▶ _Problem requirements_:
Reproduce word for word, from the entries below, the line with "PLANT (CAV Venturi + Throttle Valve)1 : Subsystem", the line with "Add1/1 -> PID1/1(In1)", and every line between them, and nothing more.

***** Data to examine *****

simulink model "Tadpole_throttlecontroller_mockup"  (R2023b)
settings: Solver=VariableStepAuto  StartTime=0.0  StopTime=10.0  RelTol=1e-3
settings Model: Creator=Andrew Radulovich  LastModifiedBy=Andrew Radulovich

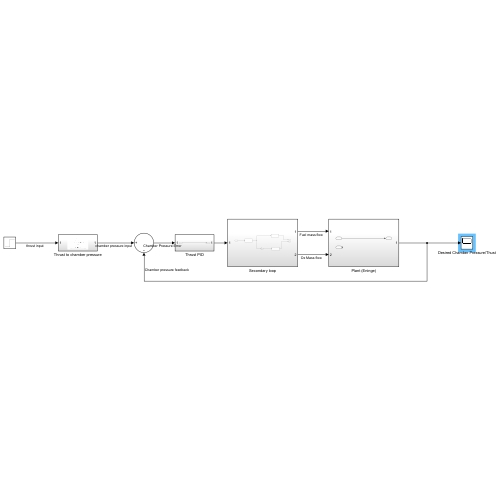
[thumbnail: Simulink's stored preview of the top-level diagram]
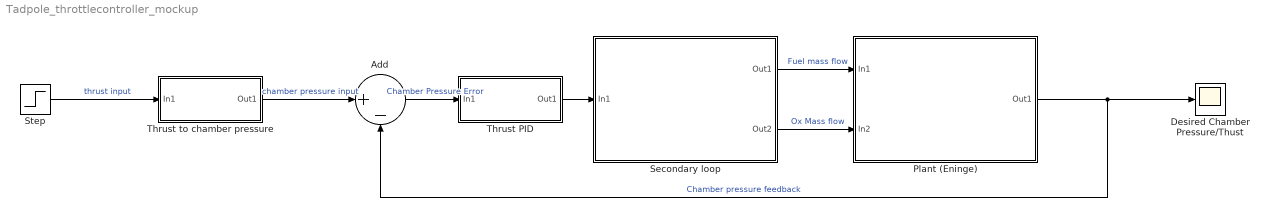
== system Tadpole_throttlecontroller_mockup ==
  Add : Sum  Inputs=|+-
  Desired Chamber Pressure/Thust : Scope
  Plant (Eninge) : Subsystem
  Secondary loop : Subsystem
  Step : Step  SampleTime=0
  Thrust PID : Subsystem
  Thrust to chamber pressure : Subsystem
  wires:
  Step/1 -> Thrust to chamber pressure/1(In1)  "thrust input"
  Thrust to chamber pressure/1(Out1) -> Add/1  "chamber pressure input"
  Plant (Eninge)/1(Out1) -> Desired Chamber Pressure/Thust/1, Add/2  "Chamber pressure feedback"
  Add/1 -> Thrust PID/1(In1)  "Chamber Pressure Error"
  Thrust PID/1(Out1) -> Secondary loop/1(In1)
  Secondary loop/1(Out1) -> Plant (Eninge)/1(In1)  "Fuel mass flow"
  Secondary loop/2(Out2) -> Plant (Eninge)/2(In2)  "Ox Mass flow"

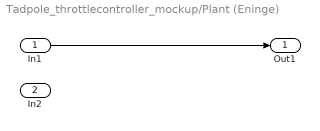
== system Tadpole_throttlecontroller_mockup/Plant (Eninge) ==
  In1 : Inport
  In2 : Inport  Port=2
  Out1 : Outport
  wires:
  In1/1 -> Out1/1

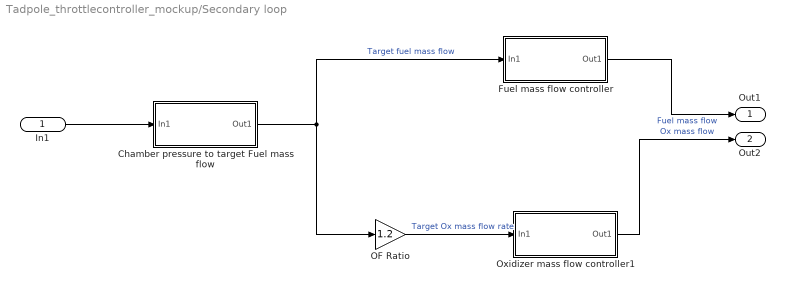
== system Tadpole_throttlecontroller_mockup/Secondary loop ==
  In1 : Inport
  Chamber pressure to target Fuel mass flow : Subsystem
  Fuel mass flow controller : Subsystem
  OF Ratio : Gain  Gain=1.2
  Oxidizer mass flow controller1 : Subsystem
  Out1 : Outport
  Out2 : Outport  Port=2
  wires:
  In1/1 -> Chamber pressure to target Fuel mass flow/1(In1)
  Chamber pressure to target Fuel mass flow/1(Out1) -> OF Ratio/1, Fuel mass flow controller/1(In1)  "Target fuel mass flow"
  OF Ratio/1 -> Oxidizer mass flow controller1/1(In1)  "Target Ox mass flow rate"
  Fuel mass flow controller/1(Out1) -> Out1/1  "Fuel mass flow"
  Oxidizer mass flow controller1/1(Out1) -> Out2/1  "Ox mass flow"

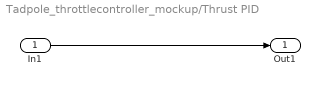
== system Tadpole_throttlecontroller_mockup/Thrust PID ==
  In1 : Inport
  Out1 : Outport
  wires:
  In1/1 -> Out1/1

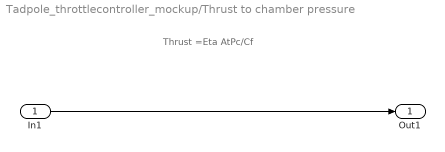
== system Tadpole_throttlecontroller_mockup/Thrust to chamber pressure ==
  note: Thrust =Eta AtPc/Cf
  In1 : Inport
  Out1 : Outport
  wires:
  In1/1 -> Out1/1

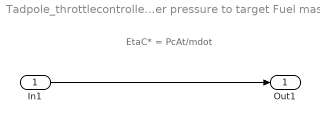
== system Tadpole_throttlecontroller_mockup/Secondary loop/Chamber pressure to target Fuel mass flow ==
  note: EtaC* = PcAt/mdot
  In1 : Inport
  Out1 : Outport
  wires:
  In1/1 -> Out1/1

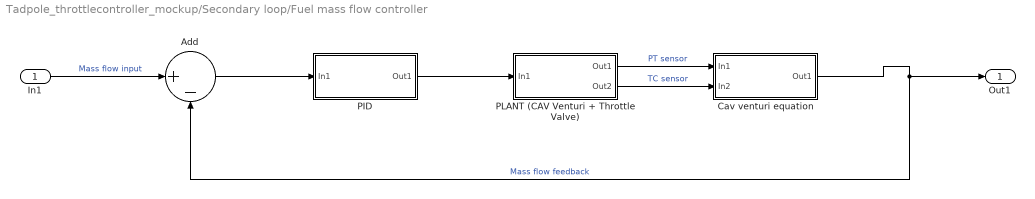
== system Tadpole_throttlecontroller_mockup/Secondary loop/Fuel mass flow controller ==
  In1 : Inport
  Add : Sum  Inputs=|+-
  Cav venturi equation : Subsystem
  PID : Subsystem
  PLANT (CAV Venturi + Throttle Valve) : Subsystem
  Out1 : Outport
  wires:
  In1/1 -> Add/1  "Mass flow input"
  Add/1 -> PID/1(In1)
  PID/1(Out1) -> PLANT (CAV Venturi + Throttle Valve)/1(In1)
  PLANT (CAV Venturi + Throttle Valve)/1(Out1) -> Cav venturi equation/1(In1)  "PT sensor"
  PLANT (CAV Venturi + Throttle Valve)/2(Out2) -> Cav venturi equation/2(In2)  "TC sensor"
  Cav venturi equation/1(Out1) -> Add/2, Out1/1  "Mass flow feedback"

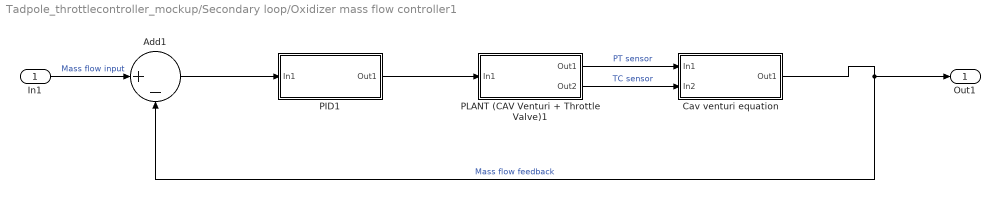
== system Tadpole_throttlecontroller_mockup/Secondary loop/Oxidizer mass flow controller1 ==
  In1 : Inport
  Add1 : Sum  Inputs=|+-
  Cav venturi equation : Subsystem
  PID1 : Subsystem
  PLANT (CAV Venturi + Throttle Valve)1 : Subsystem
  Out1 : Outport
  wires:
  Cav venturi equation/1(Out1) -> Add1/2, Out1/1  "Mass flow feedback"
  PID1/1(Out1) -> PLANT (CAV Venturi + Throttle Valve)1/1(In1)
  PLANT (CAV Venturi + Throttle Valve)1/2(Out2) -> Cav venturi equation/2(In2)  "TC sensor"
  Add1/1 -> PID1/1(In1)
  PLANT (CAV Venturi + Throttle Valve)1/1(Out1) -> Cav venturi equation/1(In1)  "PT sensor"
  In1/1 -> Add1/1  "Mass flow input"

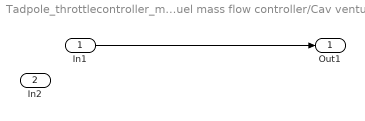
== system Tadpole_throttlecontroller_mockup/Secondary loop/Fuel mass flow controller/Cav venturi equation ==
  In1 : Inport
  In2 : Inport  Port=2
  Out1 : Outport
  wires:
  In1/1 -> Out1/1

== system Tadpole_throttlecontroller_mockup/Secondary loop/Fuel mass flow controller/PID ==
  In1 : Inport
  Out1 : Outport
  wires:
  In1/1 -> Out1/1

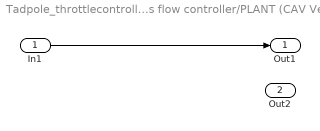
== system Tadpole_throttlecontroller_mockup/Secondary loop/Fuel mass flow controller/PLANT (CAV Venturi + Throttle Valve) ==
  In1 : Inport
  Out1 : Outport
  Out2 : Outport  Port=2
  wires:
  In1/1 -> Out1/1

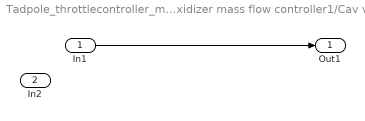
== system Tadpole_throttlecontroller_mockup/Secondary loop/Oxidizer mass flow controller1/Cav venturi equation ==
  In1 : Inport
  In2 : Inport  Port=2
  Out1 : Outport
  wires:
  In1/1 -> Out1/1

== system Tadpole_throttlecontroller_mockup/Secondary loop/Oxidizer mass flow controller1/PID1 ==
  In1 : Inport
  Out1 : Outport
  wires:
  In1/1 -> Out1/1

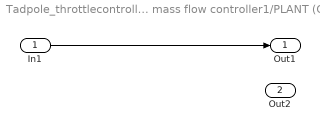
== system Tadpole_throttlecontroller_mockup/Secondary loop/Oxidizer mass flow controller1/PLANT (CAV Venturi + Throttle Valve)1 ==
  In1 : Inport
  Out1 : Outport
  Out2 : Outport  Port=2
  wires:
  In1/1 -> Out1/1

*****

▶ _Response to the task_:
  PLANT (CAV Venturi + Throttle Valve)1 : Subsystem
  Out1 : Outport
  wires:
  Cav venturi equation/1(Out1) -> Add1/2, Out1/1  "Mass flow feedback"
  PID1/1(Out1) -> PLANT (CAV Venturi + Throttle Valve)1/1(In1)
  PLANT (CAV Venturi + Throttle Valve)1/2(Out2) -> Cav venturi equation/2(In2)  "TC sensor"
  Add1/1 -> PID1/1(In1)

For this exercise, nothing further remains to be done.